MILCHEMET ACHIM!—Brothers at war!—is a subject that has preoccupied Jews throughout their literature and history, from the narratives of Cain and Abel,  Joseph and his brothers, in Genesis, the mutiny of Korach  against the authority of Moses in  Numbers, and the post-biblical  civil war that undermined the Jewish state from within while Roman legions were besieging it from without  in the year 67 C. E. That was when Jewish national sovereignty came to an end until 1948. In his War of the Jews, Flavius Josephus, the Jewish military commander (and deserter), recounted the Jewish conflict  within the larger one between Jews and Romans.
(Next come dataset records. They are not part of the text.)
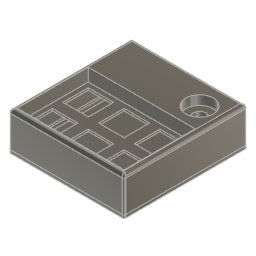
3by2 rotary v7 (Autodesk Fusion 360 design; units mm, degrees)
Autodesk Fusion 360 part; units mm, degrees
note: some values were not read from the file. Set by a fixed rule: which sketch regions a step uses.
sketch "Sketch1" plane through (0, 0, 0) normal (0, 0, 1) x (1, 0, 0)
  line L0 (1, 0) -> (61.8, 0)
  line L1 (62.8, 1) -> (62.8, 66.0607)
  line L2 (61.8, 67.0607) -> (1, 67.0607)
  line L3 (0, 66.0607) -> (0, 1)
  line L4 (5, 5) -> (18.8, 5)
  line L5 (18.8, 5) -> (18.8, 18.8)
  line L6 (18.8, 18.8) -> (5, 18.8)
  line L7 (5, 18.8) -> (5, 5)
  line L8 (38.3, 18.8) -> (24.5, 18.8)
  line L9 (24.5, 18.8) -> (24.5, 5)
  line L10 (38.3, 5) -> (38.3, 18.8)
  line L11 (24.5, 5) -> (38.3, 5)
  line L12 (57.8, 18.8) -> (44, 18.8)
  line L13 (44, 18.8) -> (44, 5)
  line L14 (57.8, 5) -> (57.8, 18.8)
  line L15 (44, 5) -> (57.8, 5)
  line L16 (18.8, 38.3) -> (5, 38.3)
  line L17 (5, 38.3) -> (5, 24.5)
  line L18 (18.8, 24.5) -> (18.8, 38.3)
  line L19 (5, 24.5) -> (18.8, 24.5)
  line L20 (38.3, 38.3) -> (24.5, 38.3)
  line L21 (24.5, 38.3) -> (24.5, 24.5)
  line L22 (38.3, 24.5) -> (38.3, 38.3)
  line L23 (24.5, 24.5) -> (38.3, 24.5)
  line L24 (57.8, 38.3) -> (44, 38.3)
  line L25 (44, 38.3) -> (44, 24.5)
  line L26 (57.8, 24.5) -> (57.8, 38.3)
  line L27 (44, 24.5) -> (57.8, 24.5)
  line L28 (2, 61.5603) -> (35.81, 61.5603)
  line L29 (35.81, 61.5603) -> (35.81, 43.3603)
  line L30 (35.81, 43.3603) -> (2, 43.3603)
  line L31 (35.3999, 45.3501) -> (6, 45.3501)
  line L32 (6, 59.5501) -> (35.3999, 59.5501)
  line L33 (37.3999, 63.6019) -> (37.3999, 41.3501)
  line L34 (37.3999, 41.3501) -> (31.9039, 41.3501)
  line L35 (31.9039, 43.3603) -> (31.9039, 41.3501)
  line L36 (31.8901, 61.5603) -> (31.8901, 63.6019)
  line L37 (33.4999, 47.2503) -> (7.9001, 47.2503)
  line L38 (7.9001, 57.65) -> (33.4999, 57.65)
  line L39 (33.4999, 57.65) -> (35.81, 57.65)
  line L40 (7.9001, 57.65) -> (2, 57.6034)
  line L41 (7.9001, 47.2503) -> (2, 47.3114)
  line L42 (33.4999, 47.2503) -> (35.81, 47.2503)
  line L43 (6, 59.5501) -> (2, 59.5501)
  line L44 (35.3999, 59.5501) -> (35.81, 59.5501)
  line L45 (6, 45.3501) -> (2, 45.3501)
  line L46 (35.3999, 45.3501) -> (35.81, 45.3501)
  arc A0 (0, 1) -> (1, 0) centre (1, 1) ccw
  arc A1 (61.8, 0) -> (62.8, 1) centre (61.8, 1) ccw
  arc A2 (62.8, 66.0607) -> (61.8, 67.0607) centre (61.8, 66.0607) ccw
  arc A3 (1, 67.0607) -> (0, 66.0607) centre (1, 66.0607) ccw
  line L47 (2, 63.6019) -> (-0.7188, 63.6019)
  line L48 (31.8901, 63.6019) -> (37.3999, 63.6019)
  line L49 (2.3, 41) -> (60.5, 41)
  line L50 (60.5, 41) -> (60.5, 2.3)
  line L51 (60.5, 2.3) -> (2.3, 2.3)
  line L52 (2.3, 2.3) -> (2.3, 41)
  line L53 (2, 2) -> (60.8, 2)
  line L54 (60.8, 2) -> (60.8, 65.0607)
  line L55 (60.8, 65.0607) -> (2, 65.0607)
  line L56 (2, 65.0607) -> (2, 2)
  circle A4 centre (38.4086, 53.1111) radius 2
  arc A5 (35.81, 50.2751) -> (35.81, 55.947) centre (38.4086, 53.1111) ccw
  circle A6 centre (50.9, 52.9756) radius 3.5
  line L57 (58.4, 60.4756) -> (43.4, 60.4756)
  line L58 (43.4, 60.4756) -> (43.4, 45.4756)
  line L59 (43.4, 45.4756) -> (58.4, 45.4756)
  line L60 (58.4, 45.4756) -> (58.4, 60.4756)
  line L61 (58.4, 60.4756) -> (43.4, 45.4756) construction
  line L62 (43.4, 60.4756) -> (58.4, 45.4756) construction
  point P0 (50.9, 38.3)
  point P1 (50.9, 52.9756)
  dimension "d1" = 13.8
  dimension "d2" = 13.8
  dimension "d6" = 19.5
  dimension "d7" = 19.5
  dimension "d9" = 5
  dimension "d10" = 5
  dimension "d11" = 5
  dimension "d13" = -2
  dimension "d90" = 33.81
  dimension "d91" = 18.2
  dimension "d108" = 1
  dimension "d122" = 67.0607
  dimension "d130" = 2.7
  dimension "d131" = 2.7
  dimension "d132" = 2.7
  dimension "d133" = 2.7
  dimension "d191" = 4
  dimension "d197" = 7
  dimension "d214" = 15
  dimension "d215" = 15
  constraint horizontal L0
  constraint vertical L1
  constraint horizontal L2
  constraint vertical L3
  constraint horizontal L4
  constraint vertical L5
  constraint horizontal L6
  constraint vertical L7
  constraint horizontal L28
  constraint vertical L29
  constraint horizontal L30
  constraint coincident L30 L35.start
  constraint perpendicular L34 L35
  constraint coincident L28 L36.start
  constraint coincident L36.end L47
  constraint perpendicular L36 L47
  constraint coincident L29 L39.end
  constraint perpendicular L29 L39
  constraint coincident L29 L42.end
  constraint perpendicular L29 L42
  constraint horizontal L43
  constraint coincident L29 L44.end
  constraint perpendicular L29 L44
  constraint horizontal L45
  constraint coincident L45.end L56
  constraint coincident L29 L46.end
  constraint perpendicular L29 L46
  constraint tangent L0 A0
  constraint tangent L3 A0
  constraint tangent L0 A1
  constraint tangent L1 A1
  constraint equal A0 A1
  constraint tangent L1 A2
  constraint tangent L2 A2
  constraint equal A0 A2
  constraint tangent L2 A3
  constraint tangent L3 A3
  constraint equal A0 A3
  constraint coincident origin L0
  constraint coincident origin L3
  constraint parallel L30 L37
  constraint parallel L28 L38
  constraint parallel L30 L31
  constraint parallel L28 L32
  constraint parallel L28 L47
  constraint parallel L29 L33
  constraint parallel L30 L34
  constraint coincident L41.end L56
  constraint coincident L40.end L56
  constraint coincident L28.start L56
  constraint coincident L30.end L56
  constraint coincident L43.end L56
  constraint collinear L47 L48
  constraint horizontal L49
  constraint vertical L50
  constraint horizontal L51
  constraint vertical L52
  constraint concentric A4 A5
  constraint coincident L29 A5.end
  constraint coincident L29 A5.start
  constraint midpoint L24 P0
  constraint vertical P1 P0
  constraint horizontal L57
  constraint perpendicular L57 L58
  constraint parallel L57 L59
  constraint parallel L58 L60
  constraint coincident L61 P1
  constraint coincident L62 P1
  constraint coincident P1 A6.centre
  measures "d1" distance of L4.start L4.end
  measures "d2" distance of L4.start L6.end
  measures "d9" distance of L0 L4
  measures "d10" distance of L3 L7
  measures "d11" distance of L1 L14
  measures "d90" distance of L28.start L28.end
  measures "d91" distance of L28.start L30.end
  measures "d108" radius of A0
  measures "d122" distance of L0 L2
  measures "d130" distance of L16 L49
  measures "d131" distance of L17 L52
  measures "d132" distance of L26 L50
  measures "d133" distance of L11 L51
  measures "d191" diameter of A4
  measures "d197" diameter of A6
  measures "d214" distance of L58.end L59.end
  measures "d215" distance of L57.end L58.end
extrude "Extrude1" add sketch "Sketch1" along normal blind 1.2 contours L0 L1 L2 L3 A0 A1 A2 A3 | L28 L30 L33 L34 L35 L36 L48 L53 L54 L55 L56 A5 | L28 L29 L32 L43 L44 L56 | L28 L29 L33 L36 L48 A5 | L29 L32 L38 L39 L40 L43 L44 L56 | L29 L37 L38 L39 L40 L41 L42 L56 | L29 L31 L37 L41 L42 L45 L46 L56 | L33 A4 A5 | L29 L33 A4 A5 | L29 L30 L31 L45 L46 L56 | L33 A4 | L33 A4 | L29 L30 L33 L34 L35 A5 | L49 L50 L51 L52 | A6 | L57 L58 L59 L60 makes body 1
extrude "Extrude6" add sketch "Sketch1" against normal blind 11 contours L0 L1 L2 L3 A0 A1 A2 A3 bodies 1
extrude "Extrude20" add sketch "Sketch1" against normal blind 3 contours L28 L29 L33 L36 L48 A5 | L29 L33 A4 A5 | L33 A4 | L29 L30 L33 L34 L35 A5 picked at (37.0769, 53.0122) bodies 1
extrude "Extrude21" add sketch "Sketch1" against normal blind 1.5 contours L29 L32 L38 L39 L40 L43 L44 L56 | L29 L31 L37 L41 L42 L45 L46 L56 bodies 1
sketch "Sketch9" plane through (2, 0, 0) normal (1, 0, 0) x (0, 1, 0)
  line L0 (2, -11) -> (65.0607, -11)
  line L1 (50.6154, -6) -> (54.6154, -6)
  arc A0 (54.6154, -6) -> (54.6154, -2) centre (54.6154, -4) ccw
  line L2 (54.6154, -2) -> (50.6154, -2)
  arc A1 (50.6154, -2) -> (50.6154, -6) centre (50.6154, -4) ccw
  line L3 (48.6154, -4) -> (56.6154, -4) construction
  line L4 (66.0607, 0) -> (1, 0)
  line L5 (45.3501, 0) -> (2, 0)
  line L6 (47.3114, 0) -> (47.3114, -1.5)
  line L7 (47.3114, -1.5) -> (45.3501, -1.5)
  line L8 (45.3501, -1.5) -> (45.3501, 0)
  line L9 (65.0607, 0) -> (59.5501, 0)
  line L10 (59.5501, 0) -> (59.5501, -1.5)
  line L11 (59.5501, -1.5) -> (57.6034, -1.5)
  line L12 (57.6034, -1.5) -> (57.6034, 0)
  line L13 (57.6034, 0) -> (47.3114, 0)
  line L14 (2, 0) -> (2, -11)
  line L15 (65.0607, -11) -> (65.0607, 0)
  dimension "d100" = 4
  dimension "d104" = 2
  constraint tangent L1 A0
  constraint tangent A0 L2
  constraint parallel L1 L2
  constraint tangent L2 A1
  constraint tangent L1 A1
  constraint midpoint A1 L3.start
  constraint midpoint A0 L3.end
  measures "d100" diameter of A0
  measures "d104" distance of L2 L4
extrude "Extrude22" cut sketch "Sketch9" against normal blind 8 contours L1 A0 L2 A1 bodies 1
sketch "Sketch10" plane through (0, 0, -11) normal (0, 0, -1) x (1, 0, 0)
  line L0 (2, -2) -> (60.8, -2)
  line L1 (60.8, -2) -> (60.8, -65.0607)
  line L2 (60.8, -65.0607) -> (2, -65.0607)
  line L3 (2, -65.0607) -> (2, -2)
  arc A0 (0, -66.0607) -> (1, -67.0607) centre (1, -66.0607) ccw
  line L4 (1, -67.0607) -> (61.8, -67.0607)
  arc A1 (61.8, -67.0607) -> (62.8, -66.0607) centre (61.8, -66.0607) ccw
  line L5 (62.8, -66.0607) -> (62.8, -1)
  arc A2 (62.8, -1) -> (61.8, 0) centre (61.8, -1) ccw
  line L6 (61.8, 0) -> (1, 0)
  arc A3 (1, 0) -> (0, -1) centre (1, -1) ccw
  line L7 (0, -1) -> (0, -66.0607)
  arc A4 (60.75, -4) -> (58.8, -2.05) centre (58.8, -4) ccw
  line L8 (4, -2.05) -> (58.8, -2.05)
  arc A5 (4, -2.05) -> (2.05, -4) centre (4, -4) ccw
  line L9 (2.05, -63.0607) -> (2.05, -4)
  arc A6 (2.05, -63.0607) -> (4, -65.0107) centre (4, -63.0607) ccw
  line L10 (58.8, -65.0107) -> (4, -65.0107)
  arc A7 (58.8, -65.0107) -> (60.75, -63.0607) centre (58.8, -63.0607) ccw
  line L11 (60.75, -4) -> (60.75, -63.0607)
  arc A8 (59.6, -4) -> (58.8, -3.2) centre (58.8, -4) ccw
  line L12 (4, -3.2) -> (58.8, -3.2)
  arc A9 (4, -3.2) -> (3.2, -4) centre (4, -4) ccw
  line L13 (3.2, -63.0607) -> (3.2, -4)
  arc A10 (3.2, -63.0607) -> (4, -63.8607) centre (4, -63.0607) ccw
  line L14 (58.8, -63.8607) -> (4, -63.8607)
  arc A11 (58.8, -63.8607) -> (59.6, -63.0607) centre (58.8, -63.0607) ccw
  line L15 (59.6, -4) -> (59.6, -63.0607)
  line L16 (33.3999, -49.0564) -> (37.3999, -49.0564)
  line L17 (37.3999, -49.0564) -> (37.3999, -56.0564)
  line L18 (37.3999, -56.0564) -> (33.3999, -56.0564)
  line L19 (33.3999, -56.0564) -> (33.3999, -49.0564)
  line L20 (35.81, -61.5603) -> (35.81, -43.3603)
  line L21 (37.3999, -63.6019) -> (37.3999, -41.3501)
  line L22 (33.4999, -57.65) -> (35.81, -57.65)
  line L23 (2, -61.5603) -> (35.81, -61.5603)
  dimension "d117" = 7
  dimension "d118" = 4
  dimension "d119" = 5.5039
  constraint horizontal L16
  constraint vertical L17
  constraint horizontal L18
  constraint vertical L19
  constraint coincident L17.end L21
  constraint parallel L0 L8
  constraint parallel L3 L9
  constraint parallel L2 L10
  constraint parallel L1 L11
  constraint tangent A6 L10
  constraint tangent A4 L11
  constraint tangent A7 L11
  constraint tangent A4 L8
  constraint tangent L8 A5
  constraint tangent A5 L9
  constraint tangent L10 A7
  constraint tangent L9 A6
  constraint parallel L0 L12
  constraint parallel L3 L13
  constraint parallel L2 L14
  constraint parallel L1 L15
  constraint tangent A10 L14
  constraint tangent A8 L15
  constraint tangent A8 L12
  constraint tangent L12 A9
  constraint tangent A11 L15
  constraint tangent A9 L13
  constraint tangent L13 A10
  constraint tangent L14 A11
  measures "d117" distance of L16 L18
  measures "d118" distance of L17 L19
  measures "d119" distance of L18 L23
extrude "Extrude23" add sketch "Sketch10" along normal blind 1.6 separate body contours L0 L1 L2 L3 | A0 L4 A1 L5 A2 L6 A3 L7 | A4 L8 A5 L9 A6 L10 A7 L11 | A8 L12 A9 L13 A10 L14 A11 L15 | L16 L18 L19 L20 | L16 L17 L18 L20 L21 makes body 2
extrude "Extrude24" add sketch "Sketch10" against normal blind 2 contours A4 L8 A5 L9 A6 L10 A7 L11 bodies 2
fillet "Fillet8" radius 1 6 edges at (31.9039, 41.3501, -1.5) (31.9039, 43.3603, -1.5) (37.3999, 41.3501, -1.5) (37.3999, 63.6019, -1.5) (31.8901, 63.6019, -1.5) (31.8901, 61.5603, -1.5) on bodies 1
extrude "Extrude26" add sketch "Sketch1" along normal blind 7 from surface at 1.2 contours L0 L1 L2 L3 A0 A1 A2 A3 | L28 L30 L33 L34 L35 L36 L48 L53 L54 L55 L56 A5 | L28 L29 L32 L43 L44 L56 | L28 L29 L33 L36 L48 A5 | L29 L32 L38 L39 L40 L43 L44 L56 | L29 L37 L38 L39 L40 L41 L42 L56 | L29 L31 L37 L41 L42 L45 L46 L56 | L33 A4 A5 | L29 L33 A4 A5 | L29 L30 L31 L45 L46 L56 | L33 A4 | L33 A4 | L29 L30 L33 L34 L35 A5 | A6 | L57 L58 L59 L60 bodies 1
sketch "Sketch12" plane through (0, 0, 0) normal (-1, 0, 0) x (0, -1, 0)
  line L0 (-50.6154, -6) -> (-54.6154, -6)
  arc A0 (-54.6154, -2) -> (-54.6154, -6) centre (-54.6154, -4) ccw
  line L1 (-54.6154, -2) -> (-50.6154, -2)
  arc A1 (-50.6154, -6) -> (-50.6154, -2) centre (-50.6154, -4) ccw
  line L2 (-1, -11) -> (-1, 8.2)
  line L3 (-1, 8.2) -> (-66.0607, 8.2)
  line L4 (-66.0607, 8.2) -> (-66.0607, -11)
  line L5 (-66.0607, -11) -> (-1, -11)
  line L6 (-67.0607, 8.2) -> (-67.0607, -11)
  line L7 (-66.0607, 8.2) -> (-1, 8.2)
  line L8 (-41, 8.2) -> (-2.3, 8.2)
  line L9 (-2.3, 8.2) -> (-41, 8.2)
  line L10 (-66.0607, 8.2) -> (-67.0607, 8.2)
  line L11 (-66.0607, 8.2) -> (-1, 8.2)
  line L12 (0, 8.2) -> (-1, 8.2)
  line L13 (0, 8.2) -> (-1, 8.2)
  line L14 (-1, 8.2) -> (-66.0607, 8.2)
  line L15 (-66.0607, 8.2) -> (-67.0607, 8.2)
  line L16 (-41.5863, 8.2) -> (-67.0607, 3.2)
  line L17 (-67.0607, 8.2) -> (-41.5863, 8.2)
  point P0 (-41, 8.2)
  dimension "d144" = 5
  constraint coincident L11 L16.start
  constraint coincident L6 L16.end
  constraint coincident L6.start L10.end
  measures "d144" distance of L16.end L17
extrude "Extrude30" add sketch "Sketch1" against normal up to surface (3 mm away) contours L33 A4 A5 bodies 1
extrude "Extrude31" cut sketch "Sketch1" along normal blind -4.5 and the other way blind -5 contours L33 A4 | L33 A4 bodies 1
extrude "Extrude32" cut sketch "Sketch1" along normal up to surface (8.2 mm away) contours A6 bodies 1
sketch "Sketch14" plane through (0, 0, 8.2) normal (0, 0, 1) x (-1, 0, 0)
  circle A0 centre (-50.9, -52.9756) radius 3.5
  line L0 (-60.5, -41) -> (-60.5, -2.3)
  line L1 (-60.5, -2.3) -> (-2.3, -2.3)
  line L2 (-2.3, -2.3) -> (-2.3, -41)
  line L3 (-2.3, -41) -> (-60.5, -41)
  line L4 (-61.8, -67.0607) -> (-1, -67.0607)
  arc A1 (-1, -67.0607) -> (0, -66.0607) centre (-1, -66.0607) ccw
  line L5 (0, -66.0607) -> (0, -1)
  arc A2 (0, -1) -> (-1, 0) centre (-1, -1) ccw
  line L6 (-1, 0) -> (-61.8, 0)
  arc A3 (-61.8, 0) -> (-62.8, -1) centre (-61.8, -1) ccw
  line L7 (-62.8, -1) -> (-62.8, -66.0607)
  arc A4 (-62.8, -66.0607) -> (-61.8, -67.0607) centre (-61.8, -66.0607) ccw
  circle A5 centre (-50.9, -52.9756) radius 7.5
  point P0 (-50.9, -52.9756)
  dimension "d200" = 15
  constraint concentric A0 A5
  measures "d200" diameter of A5
extrude "Extrude33" cut sketch "Sketch14" against normal blind 5 contours A5 bodies 1
fillet "Fillet17" radius 2 8 edges at (31.4, 67.0607, 8.2) (0.2929, 66.7678, 8.2) (0, 33.5303, 8.2) (0.2929, 0.2929, 8.2) (31.4, 0, 8.2) (62.5071, 0.2929, 8.2) (62.8, 33.5303, 8.2) (62.5071, 66.7678, 8.2) on bodies 1
fillet "Fillet18" radius 1.5 4 edges at (0, 52.6154, -6) (0, 56.6154, -4) (0, 52.6154, -2) (0, 48.6154, -4) on bodies 1
sketch "Sketch15" plane through (62.8, 0, 0) normal (1, 0, 0) x (0, 1, 0)
  line L0 (66.0607, 6.2) -> (1, 6.2)
  line L1 (1, 6.2) -> (1, -11)
  line L2 (1, -11) -> (66.0607, -11)
  line L3 (66.0607, -11) -> (66.0607, 6.2)
  line L4 (2, 0) -> (2, -11)
  line L5 (65.0607, 0) -> (65.0607, -11)
  circle A0 centre (2, -9) radius 1
  circle A1 centre (65.0607, -9) radius 0.8
  circle A2 centre (65.0607, -9) radius 0.5
  circle A3 centre (2, -9) radius 0.5
  line L6 (1.697, -9.3977) -> (2.05, -9.9766)
  line L7 (2.05, -11) -> (2.05, -9)
  line L8 (2.05, -9) -> (2.05, -11)
  line L9 (2.05, -9.3977) -> (2.05, -9.9766)
  line L10 (1.697, -9.3977) -> (2.05, -9.3977)
  dimension "d209" = 2
  dimension "d210" = 1.6
  dimension "d223" = 1
  dimension "d224" = 1
  dimension "d229" = 2
  constraint coincident L4 A0.centre
  constraint coincident L5 A1.centre
  constraint horizontal A0.centre A1.centre
  constraint concentric A1 A2
  constraint concentric A0 A3
  constraint coincident A3 L6.start
  constraint coincident L6.end L7
  constraint coincident L7 L9.start
  constraint parallel L7 L9
  constraint perpendicular L7 L10
  measures "d209" diameter of A0
  measures "d210" diameter of A1
  measures "d223" diameter of A2
  measures "d224" diameter of A3
  measures "d229" distance of L4.end A0.centre
extrude "Extrude34" cut sketch "Sketch15" against normal up to surface (58.8 mm away) from surface at -2 contours L4 A0 A3 L6 | L4 A3 L10 | L4 A3 L6 | L4 A3 L10 | L5 A1 A2 | L5 A2 picked at (65.4886, -9.5518) picked at (65.3083, -8.874) bodies 1
extrude "Extrude35" add sketch "Sketch15" against normal up to surface (54.2 mm away) from surface at -4.3 contours L4 A3 L7 L8 L9 L10 | L4 A3 L10 | L4 A3 L6 | L4 A3 L6 L7 L8 L9 | L4 A3 L7 L8 L9 L10 | L4 A3 L10 | L5 A2 | L5 A2 bodies 2
fillet "Fillet19" radius 1.25 2 edges at (31.4, 2.5, -9) (31.4, 64.5607, -9) on bodies 2
equation "d1 = keyWidth"
equation "d2 = keyWidth"
equation "keyWidth = 13.8 mm"
equation "d6 = keySpacing"
equation "d7 = keySpacing"
equation "keySpacing = keyWidth + 5.7 mm"
equation "d10 = d9"
equation "d11 = d10"
equation "d90 = PromicroLength + 0.2 mm"
equation "PromicroLength = 33.61 mm"
equation "d131 = d130"
equation "d132 = d130"
equation "d133 = d130"
equation "bottomPlateTolerance = 0.05 mm"
equation "d210 = d223 + 0.6 mm"
named bodies: "3by2 case rotary", "3by2 tpop backplate"
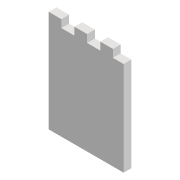
# Autodesk Inventor part: 00_Baseplate_Simmo_side6_v2
Saved by Autodesk Inventor 2022 (Build 260153000, 153)
## iProperties
Created: 2022-08-09
Part Number: 00_Baseplate_Simmo_side6_v2
Material: Generic
Document SubType Name: Modeling
Designer: wanghaoran
Density: 1 g/cm^3
Appearance: Default
Author: wanghaoran
Autodesk Inventor part; units mm, degrees
ref_plane "YZ Plane" through (0, 0, 0) normal (1, 0, 0) x (0, 1, 0)
ref_plane "XZ Plane" through (0, 0, 0) normal (0, 1, 0) x (-1, 0, 0)
ref_plane "XY Plane" through (0, 0, 0) normal (0, 0, 1) x (1, 0, 0)
sketch "Sketch1" plane through (0, 0, 0) normal (0, 0, 1) x (1, 0, 0)
  line L0 (40, 0) -> (48.2654, 0) projected
  line L1 (-10, 0) -> (-10, 6) projected
  line L2 (-10, 0) -> (-10, 6) projected
  line L3 (-10, 0) -> (-10, 6) projected
  line L4 (-10, 6) -> (48.2654, 6)
  line L5 (48.2654, 6) -> (48.2654, -73)
  line L6 (48.2654, -73) -> (-10, -73)
  line L7 (-10, -73) -> (-10, 6)
  point P0 (0, 0)
  dimension "d0" = 79
  constraints: 8 end point, 2 parallel, 1 horizontal, 1 perpendicular
  measures "d0" distance of L4.end L5.end
extrude "Extrusion1" add sketch "Sketch1" along normal blind 6
sketch "Sketch2" plane through (0, 0, 6) normal (0, 0, 1) x (1, 0, 0)
  line L0 (40, 0) -> (48.2654, 0) projected
  line L1 (40, 6) -> (40, 0) projected
  line L2 (48.2654, -73) -> (48.2654, 6) projected
  line L3 (48.2654, 6) -> (-10, 6) projected
  line L4 (20, 6) -> (20, 0) projected
  line L5 (10, 0) -> (10, 6) projected
  line L6 (0, 0) -> (10, 0) projected
  line L7 (0, 6) -> (0, 0) projected
  line L8 (20, 0) -> (30, 0) projected
  line L9 (30, 0) -> (30, 6) projected
  line L10 (40, 0) -> (39.9, 0)
  line L11 (39.9, 0) -> (39.9, 6)
  line L12 (39.9, 6) -> (40, 6)
  line L13 (40, 6) -> (40, 0)
  line L14 (30, 0) -> (30.1, 0)
  line L15 (30.1, 0) -> (30.1, 6)
  line L16 (30.1, 6) -> (30, 6)
  line L17 (30, 6) -> (30, 0)
  line L18 (20, 0) -> (19.9, 0)
  line L19 (19.9, 0) -> (19.9, 6)
  line L20 (19.9, 6) -> (20, 6)
  line L21 (20, 6) -> (20, 0)
  line L22 (10, 0) -> (10.1, 0)
  line L23 (10.1, 0) -> (10.1, 6)
  line L24 (10.1, 6) -> (10, 6)
  line L25 (10, 6) -> (10, 0)
  line L26 (0, 0) -> (-0.1, 0)
  line L27 (-0.1, 0) -> (-0.1, 6)
  line L28 (-0.1, 6) -> (0, 6)
  line L29 (0, 6) -> (0, 0)
  dimension "d3" = 0.1
  dimension "d4" = 6
  dimension "d5" = 0.1
  dimension "d6" = 6
  dimension "d7" = 0.1
  dimension "d8" = 6
  dimension "d9" = 0.1
  dimension "d10" = 6
  dimension "d11" = 0.1
  dimension "d12" = 6
  constraints: 40 end point, 10 parallel, 5 horizontal, 5 perpendicular
  measures "d3" distance of L11.end L12.end
  measures "d4" distance of L10.end L11.end
  measures "d5" distance of L16.end L15.end
  measures "d6" distance of L15.end L14.end
  measures "d7" distance of L19.end L20.end
  measures "d8" distance of L18.end L19.end
  measures "d9" distance of L24.end L23.end
  measures "d10" distance of L23.end L22.end
  measures "d11" distance of L27.end L28.end
  measures "d12" distance of L26.end L27.end
extrude "Extrusion2" cut sketch "Sketch2" against normal blind 6
equation "\"d13\" = d10"
body "Solid1"

If Josephus’  account is to be believed, the Roman general Vespasian told his warriors (who had already killed 40,000 Jewish men) to hold back from further battle because “The Jews are vexed to pieces every day by their civil wars and dissensions, and are under greater misfortunes than, if they were once taken, could be inflicted on them by us….Permit those Jews to destroy one another.”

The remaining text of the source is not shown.